### [Source information]

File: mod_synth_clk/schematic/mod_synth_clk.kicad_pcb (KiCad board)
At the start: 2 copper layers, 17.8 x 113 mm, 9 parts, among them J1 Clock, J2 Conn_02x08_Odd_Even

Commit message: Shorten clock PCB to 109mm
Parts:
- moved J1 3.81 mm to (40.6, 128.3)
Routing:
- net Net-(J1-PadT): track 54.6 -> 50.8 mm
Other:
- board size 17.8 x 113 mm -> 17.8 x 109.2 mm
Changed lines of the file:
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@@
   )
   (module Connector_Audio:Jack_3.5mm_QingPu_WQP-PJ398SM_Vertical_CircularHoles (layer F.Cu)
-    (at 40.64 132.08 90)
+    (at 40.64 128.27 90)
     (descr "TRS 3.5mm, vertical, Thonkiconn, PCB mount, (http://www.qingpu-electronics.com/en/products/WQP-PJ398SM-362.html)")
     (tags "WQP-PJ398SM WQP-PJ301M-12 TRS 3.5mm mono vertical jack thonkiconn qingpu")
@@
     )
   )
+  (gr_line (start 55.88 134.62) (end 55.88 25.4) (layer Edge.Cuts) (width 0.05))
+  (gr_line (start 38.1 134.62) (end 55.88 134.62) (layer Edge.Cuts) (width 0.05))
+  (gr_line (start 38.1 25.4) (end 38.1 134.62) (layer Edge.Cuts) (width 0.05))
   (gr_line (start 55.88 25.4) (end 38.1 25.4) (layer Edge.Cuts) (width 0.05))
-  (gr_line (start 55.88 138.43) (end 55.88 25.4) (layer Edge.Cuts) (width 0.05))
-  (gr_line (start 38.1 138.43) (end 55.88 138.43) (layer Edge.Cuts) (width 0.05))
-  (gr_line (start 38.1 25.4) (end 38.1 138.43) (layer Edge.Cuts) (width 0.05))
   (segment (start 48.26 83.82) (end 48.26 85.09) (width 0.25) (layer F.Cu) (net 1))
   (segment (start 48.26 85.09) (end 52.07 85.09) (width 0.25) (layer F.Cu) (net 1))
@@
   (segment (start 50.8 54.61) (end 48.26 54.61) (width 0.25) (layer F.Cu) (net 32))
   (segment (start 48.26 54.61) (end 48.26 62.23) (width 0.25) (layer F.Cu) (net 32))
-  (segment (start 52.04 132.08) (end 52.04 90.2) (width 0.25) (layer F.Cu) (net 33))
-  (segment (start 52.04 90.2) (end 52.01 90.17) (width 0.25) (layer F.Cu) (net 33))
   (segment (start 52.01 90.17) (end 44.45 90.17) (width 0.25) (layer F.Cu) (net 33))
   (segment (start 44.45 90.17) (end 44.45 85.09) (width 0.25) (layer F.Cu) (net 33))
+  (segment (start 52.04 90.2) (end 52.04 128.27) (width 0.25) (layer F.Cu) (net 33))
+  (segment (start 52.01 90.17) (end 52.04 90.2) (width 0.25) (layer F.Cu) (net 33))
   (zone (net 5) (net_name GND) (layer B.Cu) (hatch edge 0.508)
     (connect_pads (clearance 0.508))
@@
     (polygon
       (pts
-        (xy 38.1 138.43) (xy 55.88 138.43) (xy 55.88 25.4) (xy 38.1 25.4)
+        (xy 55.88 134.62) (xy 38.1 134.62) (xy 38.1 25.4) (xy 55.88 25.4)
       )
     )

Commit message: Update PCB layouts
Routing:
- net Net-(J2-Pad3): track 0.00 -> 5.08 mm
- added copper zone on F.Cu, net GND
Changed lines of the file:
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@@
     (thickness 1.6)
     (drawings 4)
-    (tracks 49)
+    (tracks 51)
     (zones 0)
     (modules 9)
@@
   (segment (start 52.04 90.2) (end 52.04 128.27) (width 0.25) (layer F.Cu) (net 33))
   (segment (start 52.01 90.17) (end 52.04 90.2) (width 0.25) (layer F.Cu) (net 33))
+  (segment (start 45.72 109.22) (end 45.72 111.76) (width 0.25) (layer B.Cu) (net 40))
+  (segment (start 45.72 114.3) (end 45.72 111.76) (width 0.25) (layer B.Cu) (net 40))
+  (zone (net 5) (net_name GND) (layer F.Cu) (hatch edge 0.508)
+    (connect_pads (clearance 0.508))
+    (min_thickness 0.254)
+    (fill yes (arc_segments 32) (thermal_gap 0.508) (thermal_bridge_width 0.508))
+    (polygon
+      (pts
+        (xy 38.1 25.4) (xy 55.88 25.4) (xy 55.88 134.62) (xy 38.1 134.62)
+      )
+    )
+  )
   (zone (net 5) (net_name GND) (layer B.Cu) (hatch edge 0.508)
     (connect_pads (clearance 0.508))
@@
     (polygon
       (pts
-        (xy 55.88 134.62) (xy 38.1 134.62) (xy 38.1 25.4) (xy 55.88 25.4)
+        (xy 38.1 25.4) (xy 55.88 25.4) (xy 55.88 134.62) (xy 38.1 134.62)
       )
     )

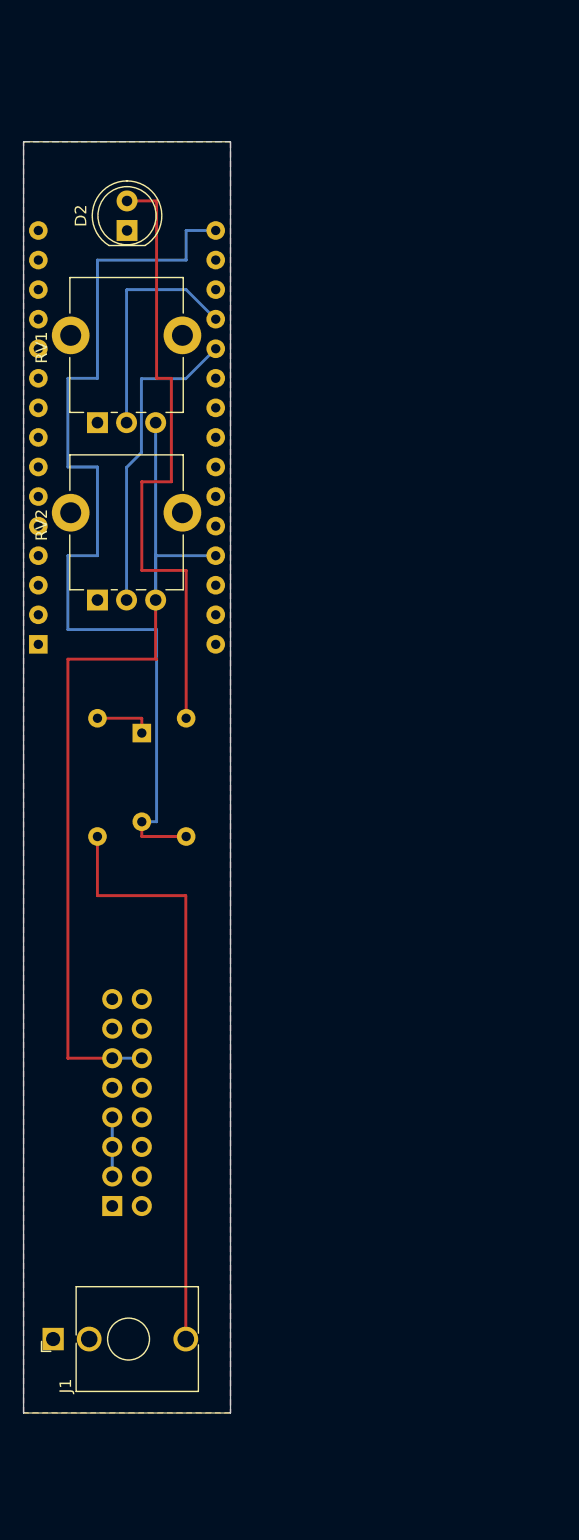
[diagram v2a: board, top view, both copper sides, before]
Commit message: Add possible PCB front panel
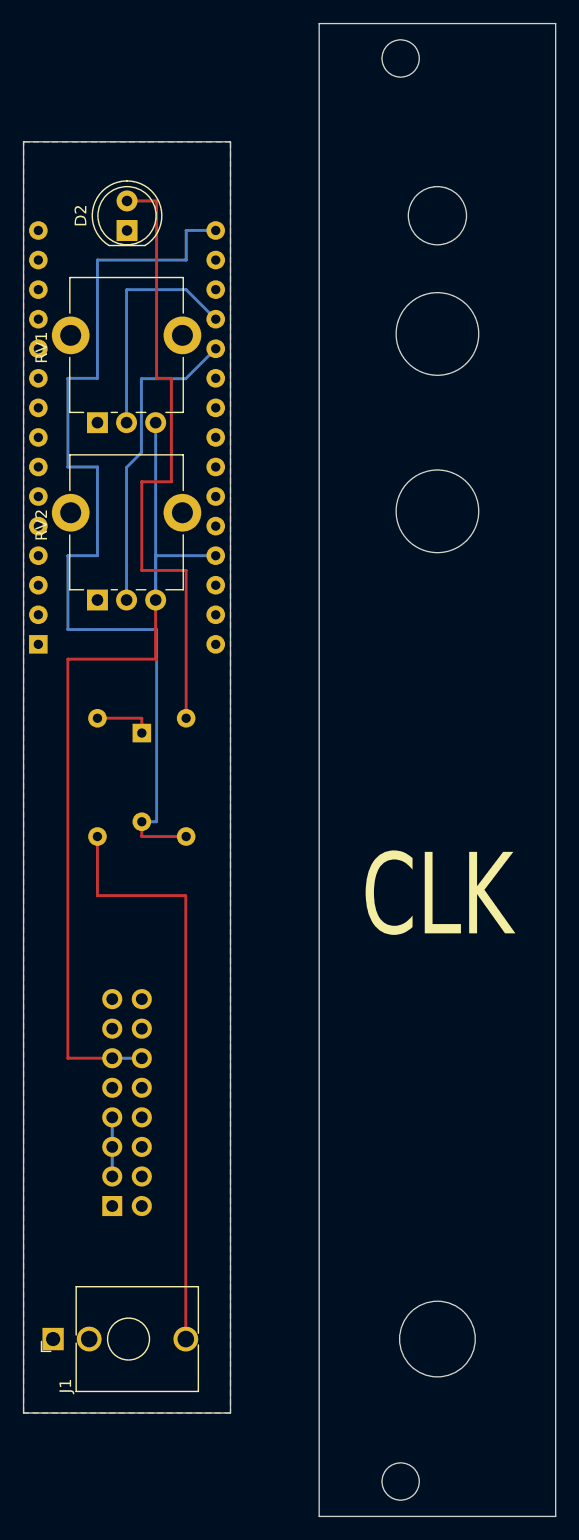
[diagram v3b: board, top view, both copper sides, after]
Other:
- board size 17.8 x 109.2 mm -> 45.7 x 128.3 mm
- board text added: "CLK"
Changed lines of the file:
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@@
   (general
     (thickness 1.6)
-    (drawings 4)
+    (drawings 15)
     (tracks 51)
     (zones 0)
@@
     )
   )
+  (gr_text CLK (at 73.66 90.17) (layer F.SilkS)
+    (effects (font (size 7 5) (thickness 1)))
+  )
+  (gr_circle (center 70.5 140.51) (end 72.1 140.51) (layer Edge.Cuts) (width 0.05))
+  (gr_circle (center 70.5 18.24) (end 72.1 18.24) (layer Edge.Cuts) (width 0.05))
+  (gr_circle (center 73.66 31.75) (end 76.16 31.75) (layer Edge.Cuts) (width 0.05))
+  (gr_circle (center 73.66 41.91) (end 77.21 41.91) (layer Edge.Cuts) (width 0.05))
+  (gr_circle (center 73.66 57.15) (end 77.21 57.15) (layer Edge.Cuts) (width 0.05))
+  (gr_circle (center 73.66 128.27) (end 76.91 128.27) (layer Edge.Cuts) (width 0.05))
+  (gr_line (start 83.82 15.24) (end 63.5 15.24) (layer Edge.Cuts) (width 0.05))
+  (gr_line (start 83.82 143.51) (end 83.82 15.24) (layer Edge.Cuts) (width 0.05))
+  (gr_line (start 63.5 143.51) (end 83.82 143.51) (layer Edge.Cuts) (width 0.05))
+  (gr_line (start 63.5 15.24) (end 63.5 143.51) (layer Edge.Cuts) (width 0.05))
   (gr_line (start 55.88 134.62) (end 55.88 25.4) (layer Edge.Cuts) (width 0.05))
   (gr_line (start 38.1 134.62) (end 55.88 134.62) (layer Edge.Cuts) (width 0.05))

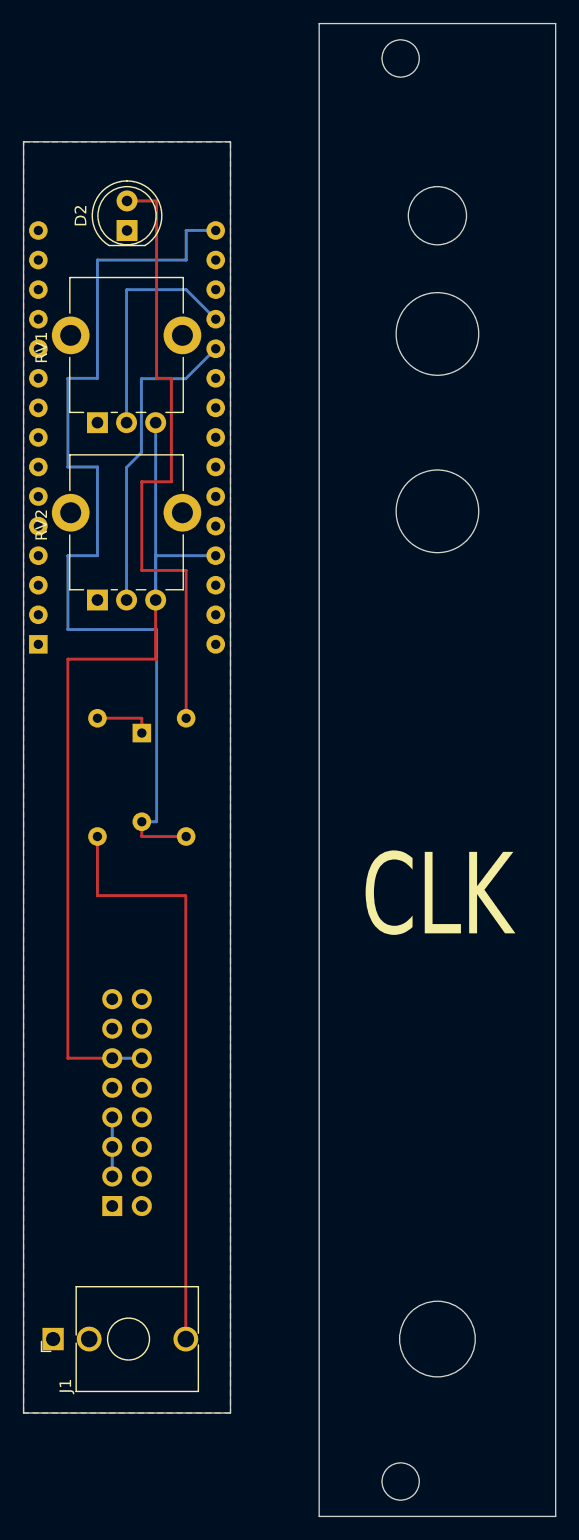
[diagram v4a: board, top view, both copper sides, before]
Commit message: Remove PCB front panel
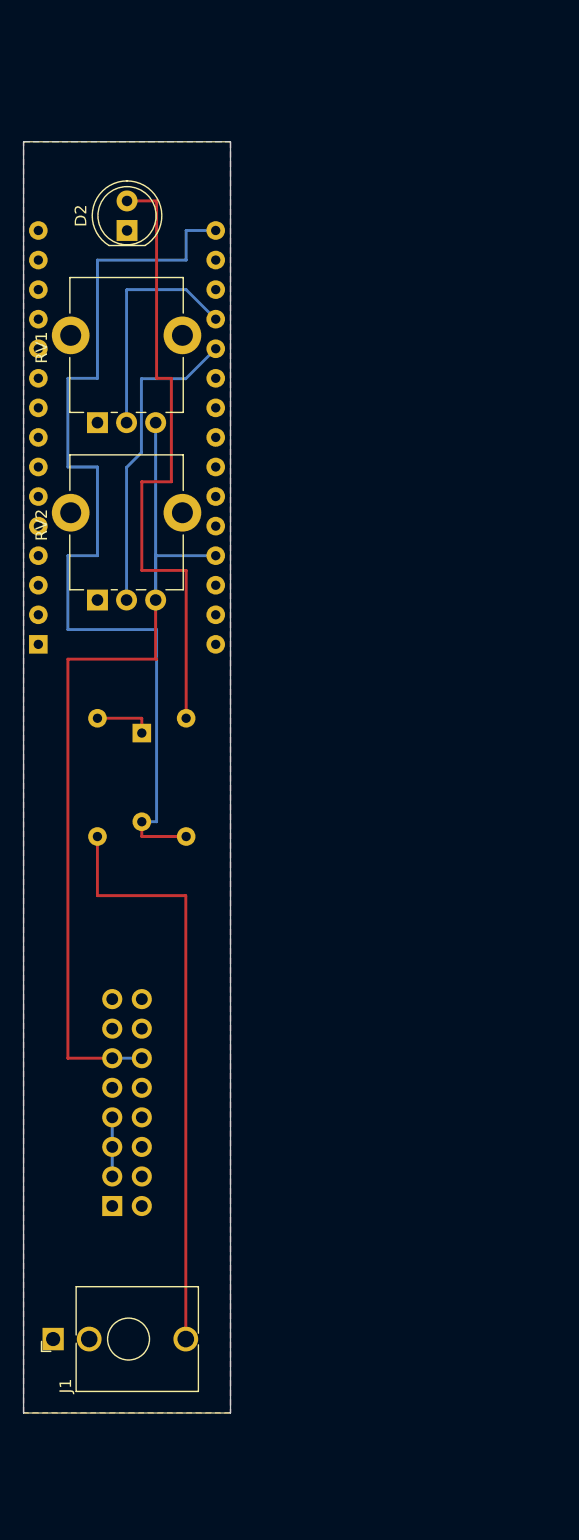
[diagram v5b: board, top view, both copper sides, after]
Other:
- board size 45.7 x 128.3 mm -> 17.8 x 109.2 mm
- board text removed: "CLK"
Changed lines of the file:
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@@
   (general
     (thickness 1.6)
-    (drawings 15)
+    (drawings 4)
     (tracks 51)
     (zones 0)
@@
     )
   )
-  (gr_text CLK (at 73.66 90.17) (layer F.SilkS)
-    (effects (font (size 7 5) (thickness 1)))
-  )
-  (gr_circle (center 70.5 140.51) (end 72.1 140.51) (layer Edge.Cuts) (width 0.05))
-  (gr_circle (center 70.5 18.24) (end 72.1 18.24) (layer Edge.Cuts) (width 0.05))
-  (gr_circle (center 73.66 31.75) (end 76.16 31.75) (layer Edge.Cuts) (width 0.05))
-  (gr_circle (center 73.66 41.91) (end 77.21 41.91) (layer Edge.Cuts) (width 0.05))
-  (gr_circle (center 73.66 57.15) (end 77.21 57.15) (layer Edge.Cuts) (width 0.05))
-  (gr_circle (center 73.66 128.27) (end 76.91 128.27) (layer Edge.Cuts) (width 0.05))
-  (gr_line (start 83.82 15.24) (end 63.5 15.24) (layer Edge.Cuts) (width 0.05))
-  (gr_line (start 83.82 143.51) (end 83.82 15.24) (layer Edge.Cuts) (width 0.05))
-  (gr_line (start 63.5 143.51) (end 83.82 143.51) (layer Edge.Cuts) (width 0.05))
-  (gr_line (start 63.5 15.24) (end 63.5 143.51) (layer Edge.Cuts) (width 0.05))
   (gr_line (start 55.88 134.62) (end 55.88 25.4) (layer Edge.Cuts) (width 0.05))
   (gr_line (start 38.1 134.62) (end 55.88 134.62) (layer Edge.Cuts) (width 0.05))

### [Problem details]
Reproduce each line from the data that has "message" in it.

### [Response area]
Commit message: Shorten clock PCB to 109mm
Commit message: Update PCB layouts
Commit message: Add possible PCB front panel
Commit message: Remove PCB front panel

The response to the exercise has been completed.